Hershey Harvard Case Solution & Analysis

ETHICAL AUDIT OF HERSHEY’S

1.      Part (A): DESCRIPTION OF THE ORGANIZATION

Hershey’s is a leading and worldwide famous confectionery for chocolates, mints, super tasty snacks, and sweets. As of May 2014, the company held a workforce of 13,000 employees and had more than 80 brands selling under its name. With the exhaustive workforce and huge product range, the company generates $7.1 billion in revenues globally (Hershey, The Hershey Company, 2014). This revenue chunk is accumulated from the iconoclastic brands under Hershey such as Hershey’s, Reese’s, Hershey’s kisses, Ice breakers and Jolly Rancher. Continuing expansion in the North American market, the company is also making efforts to develop strong presence in the international market. Hershey has a core motive of bringing goodness to the society in which it operates, therefore, it is moving broad from confectionery business to other businesses (Hershey, The Hershey Company, 2014).

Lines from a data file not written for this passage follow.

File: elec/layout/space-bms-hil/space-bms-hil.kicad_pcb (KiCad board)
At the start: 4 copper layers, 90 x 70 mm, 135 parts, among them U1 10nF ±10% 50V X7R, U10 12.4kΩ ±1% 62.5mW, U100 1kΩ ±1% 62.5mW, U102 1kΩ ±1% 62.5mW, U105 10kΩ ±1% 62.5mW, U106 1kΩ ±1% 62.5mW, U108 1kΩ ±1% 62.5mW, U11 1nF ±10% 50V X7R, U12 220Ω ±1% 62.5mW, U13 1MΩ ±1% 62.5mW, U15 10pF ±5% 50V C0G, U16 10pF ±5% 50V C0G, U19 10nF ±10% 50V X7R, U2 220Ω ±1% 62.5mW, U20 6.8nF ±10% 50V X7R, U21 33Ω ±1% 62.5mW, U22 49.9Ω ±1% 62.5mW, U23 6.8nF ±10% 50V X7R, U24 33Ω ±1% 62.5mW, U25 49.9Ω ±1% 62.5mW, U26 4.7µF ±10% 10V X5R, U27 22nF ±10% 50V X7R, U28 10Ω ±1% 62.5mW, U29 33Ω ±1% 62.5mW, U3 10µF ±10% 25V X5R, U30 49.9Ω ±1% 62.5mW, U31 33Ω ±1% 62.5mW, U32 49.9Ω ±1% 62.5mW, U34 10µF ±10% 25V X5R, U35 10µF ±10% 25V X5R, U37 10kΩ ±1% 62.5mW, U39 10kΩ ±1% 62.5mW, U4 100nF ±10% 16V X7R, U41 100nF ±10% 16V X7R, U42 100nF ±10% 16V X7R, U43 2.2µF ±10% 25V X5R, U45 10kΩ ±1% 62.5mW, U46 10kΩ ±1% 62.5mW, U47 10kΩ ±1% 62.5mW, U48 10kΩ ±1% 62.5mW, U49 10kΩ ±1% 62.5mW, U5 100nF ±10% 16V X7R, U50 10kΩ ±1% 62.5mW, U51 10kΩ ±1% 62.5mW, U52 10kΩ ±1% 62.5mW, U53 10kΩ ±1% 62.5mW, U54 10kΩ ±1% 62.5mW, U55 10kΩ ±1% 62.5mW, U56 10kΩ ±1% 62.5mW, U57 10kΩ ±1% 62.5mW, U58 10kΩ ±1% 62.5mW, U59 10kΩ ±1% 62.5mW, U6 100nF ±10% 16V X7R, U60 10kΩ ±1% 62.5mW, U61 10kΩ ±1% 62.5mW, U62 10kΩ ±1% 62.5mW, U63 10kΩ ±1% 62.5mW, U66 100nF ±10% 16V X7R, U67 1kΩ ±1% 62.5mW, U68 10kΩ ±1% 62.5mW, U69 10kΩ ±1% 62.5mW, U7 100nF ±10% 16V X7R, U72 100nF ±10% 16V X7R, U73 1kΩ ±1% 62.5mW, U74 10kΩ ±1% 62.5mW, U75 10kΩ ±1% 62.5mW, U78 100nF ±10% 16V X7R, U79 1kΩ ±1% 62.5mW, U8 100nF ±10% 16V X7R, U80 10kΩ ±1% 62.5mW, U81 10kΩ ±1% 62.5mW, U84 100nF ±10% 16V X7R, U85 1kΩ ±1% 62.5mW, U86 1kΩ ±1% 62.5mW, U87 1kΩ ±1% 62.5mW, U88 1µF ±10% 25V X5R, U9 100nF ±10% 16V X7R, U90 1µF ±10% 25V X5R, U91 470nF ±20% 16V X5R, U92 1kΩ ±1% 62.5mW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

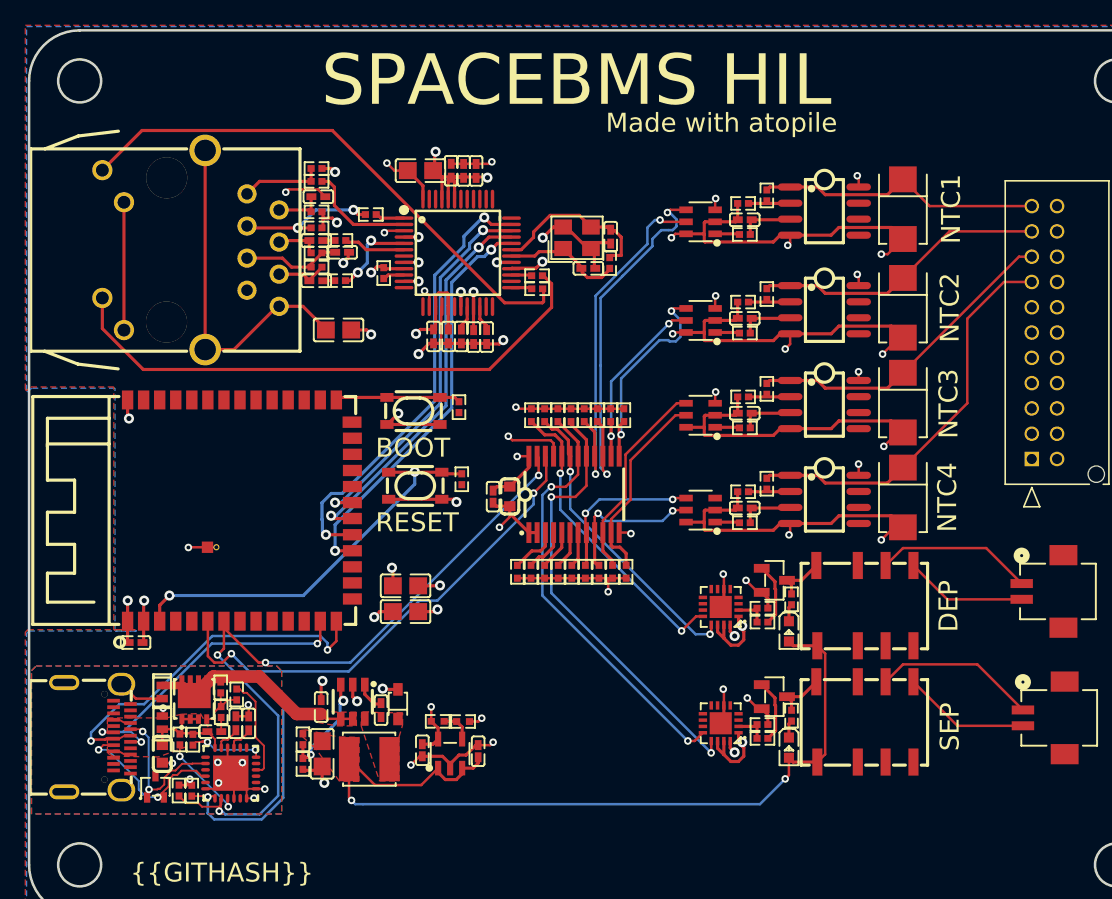
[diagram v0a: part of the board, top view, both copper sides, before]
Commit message: remove default build, build everything locally
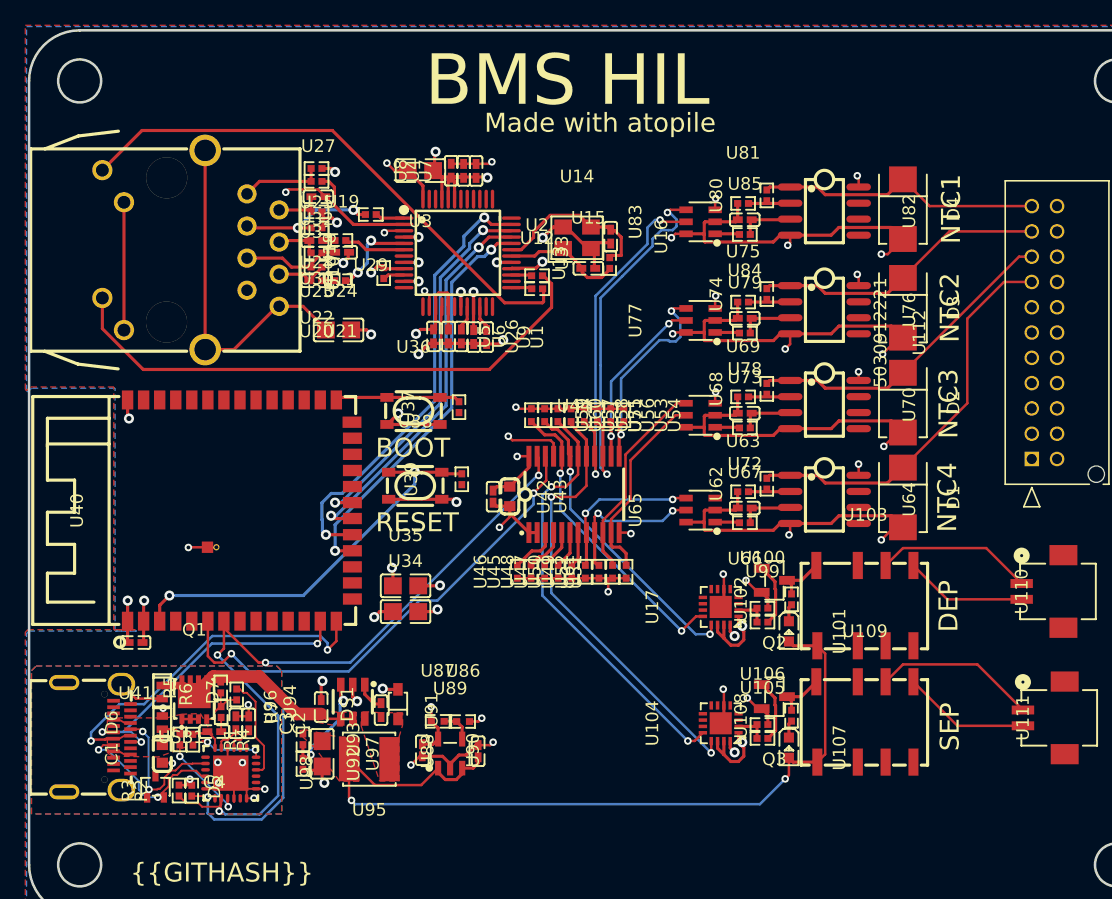
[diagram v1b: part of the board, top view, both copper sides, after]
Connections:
- net ADJ_NC renamed regulator_3v3-out
- net RESET_ renamed i2c_multiplexer-io
- net out renamed regulator_5v-out
- D1 pad 1: io-1 -> io-3
- D3 pad 1: io-2 -> io-1
- D4 pad 1: io-3 -> io-2
- DS1 pad 1: cathode-2 -> cathode-1
- R2 pad 1: line-10 -> line-9
- R3 pad 1: line-8 -> line-3
- U103 pad 5: hv-3 -> hv-1
- U104 pad 10: sep_relay.gpio_expander-net-4 -> sep_relay.gpio_expander-net-3
- U104 pad 12: line-2 -> line-10
- U104 pad 13: line-12 -> line-2
- U104 pad 3: sep_relay.gpio_expander-net-3 -> sep_relay.gpio_expander-net-1
- U104 pad 4: sep_relay.gpio_expander-net -> sep_relay.gpio_expander-net-5
- U104 pad 5: sep_relay.gpio_expander-net-5 -> sep_relay.gpio_expander-net-2
- U104 pad 7: sep_relay.gpio_expander-net-2 -> sep_relay.gpio_expander-net-4
- U104 pad 8: sep_relay.gpio_expander-net-6 -> sep_relay.gpio_expander-net
- U104 pad 9: sep_relay.gpio_expander-net-1 -> sep_relay.gpio_expander-net-6
- U107 pad 1: cathode-1 -> cathode-2
- U108 pad 1: cathode-1 -> cathode-2
- U109 pad 3: sep_relay-gnd-1 -> sep_relay-gnd
- U109 pad 4: sep_relay-gnd -> sep_relay-gnd-1
- U109 pad 6: hv-1 -> hv-3
- U110 pad 2: hv-3 -> hv-1
- U111 pad 1: hv-1 -> hv-3
- U112 pad 1: vsh_connector-net-7 -> vsh_connector-net-8
- U112 pad 10: vsh_connector-net -> vsh_connector-net-4
- U112 pad 11: vsh_connector-net-10 -> vsh_connector-net-9
- U112 pad 12: vsh_connector-net-9 -> vsh_connector-net-12
- U112 pad 13: vsh_connector-net-2 -> vsh_connector-net-10
- U112 pad 14: vsh_connector-net-1 -> vsh_connector-net
- U112 pad 15: io-1 -> io-3
- U112 pad 19: io-2 -> io-1
- U112 pad 2: vsh_connector-net-3 -> vsh_connector-net-1
- U112 pad 21: io-3 -> io-2
- U112 pad 3: vsh_connector-net-6 -> vsh_connector-net-13
- U112 pad 4: vsh_connector-net-8 -> vsh_connector-net-11
- U112 pad 5: vsh_connector-net-13 -> vsh_connector-net-6
- U112 pad 6: vsh_connector-net-11 -> vsh_connector-net-7
- U112 pad 7: vsh_connector-net-4 -> vsh_connector-net-2
- U112 pad 8: vsh_connector-net-12 -> vsh_connector-net-5
- U112 pad 9: vsh_connector-net-5 -> vsh_connector-net-3
- U17 pad 10: dep_relay.gpio_expander-net-3 -> dep_relay.gpio_expander-net-4
- U17 pad 12: line-3 -> line-5
- U17 pad 13: line-11 -> line-4
- U17 pad 3: dep_relay.gpio_expander-net-4 -> dep_relay.gpio_expander-net-1
- U17 pad 4: dep_relay.gpio_expander-net-5 -> dep_relay.gpio_expander-net-6
- U17 pad 5: dep_relay.gpio_expander-net-2 -> dep_relay.gpio_expander-net
- U17 pad 7: dep_relay.gpio_expander-net -> dep_relay.gpio_expander-net-2
- U17 pad 8: dep_relay.gpio_expander-net-6 -> dep_relay.gpio_expander-net-5
- U17 pad 9: dep_relay.gpio_expander-net-1 -> dep_relay.gpio_expander-net-3
- U40 pad 6: line-10 -> line-9
- U40 pad 7: line-8 -> line-3
- U44 pad 10: line-6 -> line-11
- U44 pad 11: line-5 -> line-7
- U44 pad 13: line-4 -> line-6
- U44 pad 14: line-9 -> line
- U44 pad 15: line-13 -> line-12
- U44 pad 16: line -> line-13
- U44 pad 17: line-12 -> line-2
- U44 pad 18: line-2 -> line-10
- U44 pad 19: line-11 -> line-4
- U44 pad 20: line-3 -> line-5
- U44 pad 22: line-10 -> line-9
- U44 pad 23: line-8 -> line-3
- U44 pad 4: i2c_multiplexer-line-3 -> i2c_multiplexer-line-2
- U44 pad 5: i2c_multiplexer-line-2 -> i2c_multiplexer-line-3
- U44 pad 9: line-7 -> line-8
- U45 pad 2: i2c_multiplexer-line-2 -> i2c_multiplexer-line-3
- U46 pad 2: i2c_multiplexer-line-3 -> i2c_multiplexer-line-2
- U49 pad 2: line-7 -> line-8
- U51 pad 2: line-5 -> line-7
- U52 pad 2: line-6 -> line-11
- U53 pad 2: line-9 -> line
- U54 pad 2: line-4 -> line-6
- U55 pad 2: line -> line-13
- U56 pad 2: line-13 -> line-12
- U57 pad 2: line-2 -> line-10
- U58 pad 2: line-12 -> line-2
- U59 pad 2: line-3 -> line-5
- U60 pad 2: line-11 -> line-4
- U62 pad 2: io-1 -> io-3
- U64 pad 1: io-1 -> io-3
- U64 pad 3: non_inverting-1 -> non_inverting
- U65 pad 5: line-7 -> line-8
- U66 pad 1: non_inverting-1 -> non_inverting
- U67 pad 2: non_inverting-1 -> non_inverting
- U70 pad 3: non_inverting -> non_inverting-1
- U71 pad 4: line-6 -> line-11
- U71 pad 5: line-5 -> line-7
- U72 pad 1: non_inverting -> non_inverting-1
- U73 pad 2: non_inverting -> non_inverting-1
- U74 pad 1: inverting -> inverting-3
- U74 pad 2: io-2 -> io-1
- U75 pad 2: inverting -> inverting-3
- U76 pad 1: io-2 -> io-1
- U76 pad 2: inverting -> inverting-3
- U76 pad 3: non_inverting-3 -> non_inverting-2
- U77 pad 4: line-4 -> line-6
- U77 pad 5: line-9 -> line
- U78 pad 1: non_inverting-3 -> non_inverting-2
- U79 pad 2: non_inverting-3 -> non_inverting-2
- U80 pad 1: inverting-3 -> inverting
- U80 pad 2: io-3 -> io-2
- U81 pad 2: inverting-3 -> inverting
- U82 pad 1: io-3 -> io-2
- U82 pad 2: inverting-3 -> inverting
- U82 pad 3: non_inverting-2 -> non_inverting-3
- U83 pad 4: line-13 -> line-12
- U83 pad 5: line -> line-13
- U84 pad 1: non_inverting-2 -> non_inverting-3
- U85 pad 2: non_inverting-2 -> non_inverting-3
- U91 pad 2: cathode-2 -> cathode-1
- U94 pad 6: cathode-2 -> cathode-1
- U95 pad 1: cathode-2 -> cathode-1
- U98 pad 1: usb_pd.pd_controller.pd_controller-line -> usb_pd.pd_controller.pd_controller-line-1
- U98 pad 5: usb_pd.pd_controller.pd_controller-line-1 -> usb_pd.pd_controller.pd_controller-line
- U98 pad 7: line-10 -> line-9
- U98 pad 8: line-8 -> line-3
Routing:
- net line-8: track 61.0 -> 12.0 mm, vias 4 -> 2
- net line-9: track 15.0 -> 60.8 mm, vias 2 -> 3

The company’s online profile says that Hershey wants to bring goodness to the community along with producing delicious products. To contribute more to the community, the operations by Hershey are conducted in a fair, ethical, and sustainable manner in order to produce a positive impact on the society (Hershey, The Hershey Company, 2014). The contribution in terms of the better life for employees, consumers and the society alike along with uplifting a brighter future for the needy children reflects that Hershey is also maintaining issues of Corporate Governance. To add further to Hershey’s contribution to the society, the company opened Milton Hershey School under administration of Hershey Trust Company. The children who are a part of this school receive education, housing and medical care that thrives as direct beneficiaries for the company’s success (Hershey, The Hershey Company, 2014).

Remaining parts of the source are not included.